Tag Archives: TDD

Converting Between Go Unit Test Styles

I’m 4 weeks into a project using the Go language. It’s been an interesting change of pace from my usual Java/Groovy work. There’s a lot to like about Go, but there are some things I miss from Java/Groovy, so the jury is still out for me. (Go is a damn sight better than PHP, that’s for sure.)

Some of us on the project started out using the goCheck extension for unit testing (https://labix.org/gocheck). Others went down the testify path (https://github.com/stretchr/testify). For reasons I won’t go into here, we all just decided to standardize on testify.

To make converting easier, I wrote a SED script that converts “gocheck” style unit tests to “testify” style. At the moment, you can find it in this branch under my fork of testify: https://github.com/polyglot-jones/testify/tree/sed_script/utils

I placed the script in a new “utils” folder that has a README.md with usage instructions.
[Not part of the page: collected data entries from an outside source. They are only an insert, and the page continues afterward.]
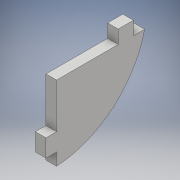
# Autodesk Inventor part: latéral
Saved by Autodesk Inventor 2017 (Build 210142000, 142)
## iProperties
Part Number: latéral
Material: Générique
Document SubType Name: Modeling
Designer: Thomas
Density: 1 g/cm^3
Appearance: Par défaut
Author: Thomas
Autodesk Inventor part; units mm, degrees
ref_plane "YZ Plane" through (0, 0, 0) normal (1, 0, 0) x (0, 1, 0)
ref_plane "XZ Plane" through (0, 0, 0) normal (0, 1, 0) x (-1, 0, 0)
ref_plane "XY Plane" through (0, 0, 0) normal (0, 0, 1) x (1, 0, 0)
sketch "Esquisse1" plane through (0, 0, 0) normal (1, 0, 0) x (0, 1, 0)
  line L0 (41, -0.4063) -> (49.6391, -0.4063)
  line L1 (0, -43.4063) -> (0, -33.4063)
  line L2 (49.6391, -0.4063) -> (41, -0.4063)
  line L3 (41, -0.4063) -> (41, -8.0057)
  line L4 (49.6391, -8.0057) -> (49.6391, -0.4063)
  line L5 (0, -33.4063) -> (6, -33.4063)
  line L6 (6, -33.4063) -> (6, -8.0057)
  line L7 (6, -43.4063) -> (6, -50.4063)
  line L8 (6, -43.4063) -> (0, -43.4063)
  line L9 (41, -8.0057) -> (6, -8.0057)
  line L10 (49.6391, -8.0057) -> (56, -8.0057)
  arc A0 (6, -50.4063) -> (56, -8.0057) centre (2.7397, 4.1194) ccw
  point P0 (0, 0)
  dimension "d2" = 35
  dimension "d3" = 33
  dimension "d4" = 6
  dimension "d5" = 6
  dimension "d6" = 10
  constraints: 22 end point, 3 perpendicular, 2 point on circle, 1 centre point, 1 horizontal, 1 parallel, 1 point on line
  measures "d2" distance between parallel lines of L6 L3
  measures "d3" distance between parallel lines of L5 L0
  measures "d4" distance between parallel lines of L1 L6
  measures "d5" distance between parallel lines of L1 L7
  measures "d6" distance between parallel lines of L8 L5
extrude "Extrusion1" add sketch "Esquisse1" along normal blind 6
Autodesk Fusion 360 part; units mm, degrees
(part 6 of 7)
sketch "Sketch2 (3)" plane through (0, 0, 43) normal (0, 0, 1) x (1, 0, 0) in component "CT idler 3"
  line L0 (67.7594, -49.5331) -> (68.0506, -49.5022)
  line L1 (68.0506, -49.5022) -> (68.1287, -49.4822)
  line L2 (68.1287, -49.4822) -> (68.2056, -49.4521)
  line L3 (68.2056, -49.4521) -> (68.2815, -49.4151)
  line L4 (68.2815, -49.4151) -> (68.3564, -49.3722)
  line L5 (68.3564, -49.3722) -> (68.4303, -49.324)
  line L6 (68.4303, -49.324) -> (68.503, -49.2708)
  line L7 (68.503, -49.2708) -> (68.5745, -49.213)
  line L8 (68.5745, -49.213) -> (68.6447, -49.1507)
  line L9 (68.6447, -49.1507) -> (68.7135, -49.0841)
  line L10 (68.7135, -49.0841) -> (68.7807, -49.0133)
  line L11 (68.7807, -49.0133) -> (68.8462, -48.9384)
  line L12 (68.8462, -48.9384) -> (68.91, -48.8596)
  line L13 (68.91, -48.8596) -> (68.8895, -48.7768)
  line L14 (68.8895, -48.7768) -> (68.8675, -48.6944)
  line L15 (68.8675, -48.6944) -> (68.8438, -48.6125)
  line L16 (68.8438, -48.6125) -> (68.7491, -48.5761)
  line L17 (68.7491, -48.5761) -> (68.6549, -48.5441)
  line L18 (68.6549, -48.5441) -> (68.5613, -48.5164)
  line L19 (68.5613, -48.5164) -> (68.4685, -48.493)
  line L20 (68.4685, -48.493) -> (68.3765, -48.4742)
  line L21 (68.3765, -48.4742) -> (68.2857, -48.4598)
  line L22 (68.2857, -48.4598) -> (68.1961, -48.4502)
  line L23 (68.1961, -48.4502) -> (68.108, -48.4454)
  line L24 (68.108, -48.4454) -> (68.0217, -48.4457)
  line L25 (68.0217, -48.4457) -> (67.9375, -48.4516)
  line L26 (67.9375, -48.4516) -> (67.8559, -48.464)
  line L27 (67.8559, -48.464) -> (67.7783, -48.4857)
  line L28 (67.7783, -48.4857) -> (67.5106, -48.6046)
  line L29 (67.5106, -48.6046) -> (67.4404, -48.4572)
  line L30 (67.4404, -48.4572) -> (67.3626, -48.3138)
  line L31 (67.3626, -48.3138) -> (67.2773, -48.1747)
  line L32 (67.2773, -48.1747) -> (67.1848, -48.0403)
  line L33 (67.1848, -48.0403) -> (67.4216, -47.868)
  line L34 (67.4216, -47.868) -> (67.4792, -47.8116)
  line L35 (67.4792, -47.8116) -> (67.5307, -47.7471)
  line L36 (67.5307, -47.7471) -> (67.578, -47.6771)
  line L37 (67.578, -47.6771) -> (67.6214, -47.6025)
  line L38 (67.6214, -47.6025) -> (67.6613, -47.5238)
  line L39 (67.6613, -47.5238) -> (67.6977, -47.4414)
  line L40 (67.6977, -47.4414) -> (67.7307, -47.3556)
  line L41 (67.7307, -47.3556) -> (67.7603, -47.2665)
  line L42 (67.7603, -47.2665) -> (67.7866, -47.1744)
  line L43 (67.7866, -47.1744) -> (67.8094, -47.0795)
  line L44 (67.8094, -47.0795) -> (67.8287, -46.9819)
  line L45 (67.8287, -46.9819) -> (67.8446, -46.8818)
  line L46 (67.8446, -46.8818) -> (67.7854, -46.8203)
  line L47 (67.7854, -46.8203) -> (67.7251, -46.76)
  line L48 (67.7251, -46.76) -> (67.6636, -46.7009)
  line L49 (67.6636, -46.7009) -> (67.5635, -46.7167)
  line L50 (67.5635, -46.7167) -> (67.4659, -46.736)
  line L51 (67.4659, -46.736) -> (67.371, -46.7588)
  line L52 (67.371, -46.7588) -> (67.2789, -46.7851)
  line L53 (67.2789, -46.7851) -> (67.1899, -46.8147)
  line L54 (67.1899, -46.8147) -> (67.104, -46.8477)
  line L55 (67.104, -46.8477) -> (67.0216, -46.8841)
  line L56 (67.0216, -46.8841) -> (66.9429, -46.924)
  line L57 (66.9429, -46.924) -> (66.8683, -46.9674)
  line L58 (66.8683, -46.9674) -> (66.7983, -47.0147)
  line L59 (66.7983, -47.0147) -> (66.7338, -47.0662)
  line L60 (66.7338, -47.0662) -> (66.6775, -47.1238)
  line L61 (66.6775, -47.1238) -> (66.5051, -47.3606)
  line L62 (66.5051, -47.3606) -> (66.3707, -47.2681)
  line L63 (66.3707, -47.2681) -> (66.2316, -47.1828)
  line L64 (66.2316, -47.1828) -> (66.0882, -47.105)
  line L65 (66.0882, -47.105) -> (65.9409, -47.0348)
  line L66 (65.9409, -47.0348) -> (66.0598, -46.7672)
  line L67 (66.0598, -46.7672) -> (66.0814, -46.6895)
  line L68 (66.0814, -46.6895) -> (66.0938, -46.6079)
  line L69 (66.0938, -46.6079) -> (66.0997, -46.5237)
  line L70 (66.0997, -46.5237) -> (66.1001, -46.4374)
  line L71 (66.1001, -46.4374) -> (66.0952, -46.3493)
  line L72 (66.0952, -46.3493) -> (66.0856, -46.2597)
  line L73 (66.0856, -46.2597) -> (66.0712, -46.1689)
  line L74 (66.0712, -46.1689) -> (66.0524, -46.0769)
  line L75 (66.0524, -46.0769) -> (66.0291, -45.9841)
  line L76 (66.0291, -45.9841) -> (66.0013, -45.8905)
  line L77 (66.0013, -45.8905) -> (65.9693, -45.7963)
  line L78 (65.9693, -45.7963) -> (65.9329, -45.7016)
  line L79 (65.9329, -45.7016) -> (65.851, -45.678)
  line L80 (65.851, -45.678) -> (65.7686, -45.6559)
  line L81 (65.7686, -45.6559) -> (65.6858, -45.6354)
  line L82 (65.6858, -45.6354) -> (65.607, -45.6992)
  line L83 (65.607, -45.6992) -> (65.5321, -45.7648)
  line L84 (65.5321, -45.7648) -> (65.4614, -45.832)
  line L85 (65.4614, -45.832) -> (65.3947, -45.9007)
  line L86 (65.3947, -45.9007) -> (65.3324, -45.9709)
  line L87 (65.3324, -45.9709) -> (65.2746, -46.0424)
  line L88 (65.2746, -46.0424) -> (65.2214, -46.1152)
  line L89 (65.2214, -46.1152) -> (65.1732, -46.189)
  line L90 (65.1732, -46.189) -> (65.1303, -46.2639)
  line L91 (65.1303, -46.2639) -> (65.0933, -46.3398)
  line L92 (65.0933, -46.3398) -> (65.0633, -46.4167)
  line L93 (65.0633, -46.4167) -> (65.0432, -46.4948)
  line L94 (65.0432, -46.4948) -> (65.0123, -46.786)
  line L95 (65.0123, -46.786) -> (64.8497, -46.7731)
  line L96 (64.8497, -46.7731) -> (64.6866, -46.7688)
  line L97 (64.6866, -46.7688) -> (64.5235, -46.7731)
  line L98 (64.5235, -46.7731) -> (64.3608, -46.786)
  line L99 (64.3608, -46.786) -> (64.33, -46.4948)
  line L100 (64.33, -46.4948) -> (64.3099, -46.4167)
  line L101 (64.3099, -46.4167) -> (64.2798, -46.3398)
  line L102 (64.2798, -46.3398) -> (64.2428, -46.2639)
  line L103 (64.2428, -46.2639) -> (64.2, -46.189)
  line L104 (64.2, -46.189) -> (64.1517, -46.1152)
  line L105 (64.1517, -46.1152) -> (64.0986, -46.0424)
  line L106 (64.0986, -46.0424) -> (64.0408, -45.9709)
  line L107 (64.0408, -45.9709) -> (63.9784, -45.9007)
  line L108 (63.9784, -45.9007) -> (63.9118, -45.832)
  line L109 (63.9118, -45.832) -> (63.841, -45.7648)
  line L110 (63.841, -45.7648) -> (63.7662, -45.6992)
  line L111 (63.7662, -45.6992) -> (63.6874, -45.6354)
  line L112 (63.6874, -45.6354) -> (63.6046, -45.6559)
  line L113 (63.6046, -45.6559) -> (63.5222, -45.678)
  line L114 (63.5222, -45.678) -> (63.4402, -45.7016)
  line L115 (63.4402, -45.7016) -> (63.4039, -45.7963)
  line L116 (63.4039, -45.7963) -> (63.3718, -45.8905)
  line L117 (63.3718, -45.8905) -> (63.3441, -45.9841)
  line L118 (63.3441, -45.9841) -> (63.3208, -46.0769)
  line L119 (63.3208, -46.0769) -> (63.3019, -46.1689)
  line L120 (63.3019, -46.1689) -> (63.2876, -46.2597)
  line L121 (63.2876, -46.2597) -> (63.2779, -46.3493)
  line L122 (63.2779, -46.3493) -> (63.2731, -46.4374)
  line L123 (63.2731, -46.4374) -> (63.2734, -46.5237)
  line L124 (63.2734, -46.5237) -> (63.2793, -46.6079)
  line L125 (63.2793, -46.6079) -> (63.2917, -46.6895)
  line L126 (63.2917, -46.6895) -> (63.3134, -46.7672)
  line L127 (63.3134, -46.7672) -> (63.4323, -47.0348)
  line L128 (63.4323, -47.0348) -> (63.285, -47.105)
  line L129 (63.285, -47.105) -> (63.1416, -47.1828)
  line L130 (63.1416, -47.1828) -> (63.0025, -47.2681)
  line L131 (63.0025, -47.2681) -> (62.8681, -47.3606)
  line L132 (62.8681, -47.3606) -> (62.6957, -47.1238)
  line L133 (62.6957, -47.1238) -> (62.6393, -47.0662)
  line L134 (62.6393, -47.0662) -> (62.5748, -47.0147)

After my associates finish vetting it, I’ll issue a pull request to see if the testify custodians want to accept responsibility for it.

TDD Slides Posted

Here are the slides (as a PDF file) for the Intro to Test-Driven Development speech that I gave at the SCQAA meeting last night.  I haven’t seen the speaker feedback forms yet, but based on the comments from people walking up to me afterwards, it was an effective speech.  In particular, everyone loved my grand experiment to demonstrate TDD — without requiring any programming knowledge — by having the audience break up into teams and write limericks test-driven.

If enjoyed this speech, then you might also be interested in materials from other speeches that I’ve given in the past.  You can find them on the Downloads page.

Test-First Development Can Be Liberating

Experienced agilists talk about becoming “test infected.”  For everyone, unit testing starts out as a chore that seems like it’s more work than it’s worth, but then you get over a certain hump and suddenly unit testing is a breeze.  The benefits become manifold and profound, and you begin to wonder how you ever programmed without it.

One important milestone on the way to achieving test-infected enlightenment is the transition from test-after to test-first.  All developers start out writing the production code first and then write unit tests around it.  It’s the only way we learn.  But, eventually, we begin to see the power of writing the tests first.  This used to be called Test-Driven Development, but it’s more accurately referred to as just Test-First Development (although we still abbreviate it as TDD).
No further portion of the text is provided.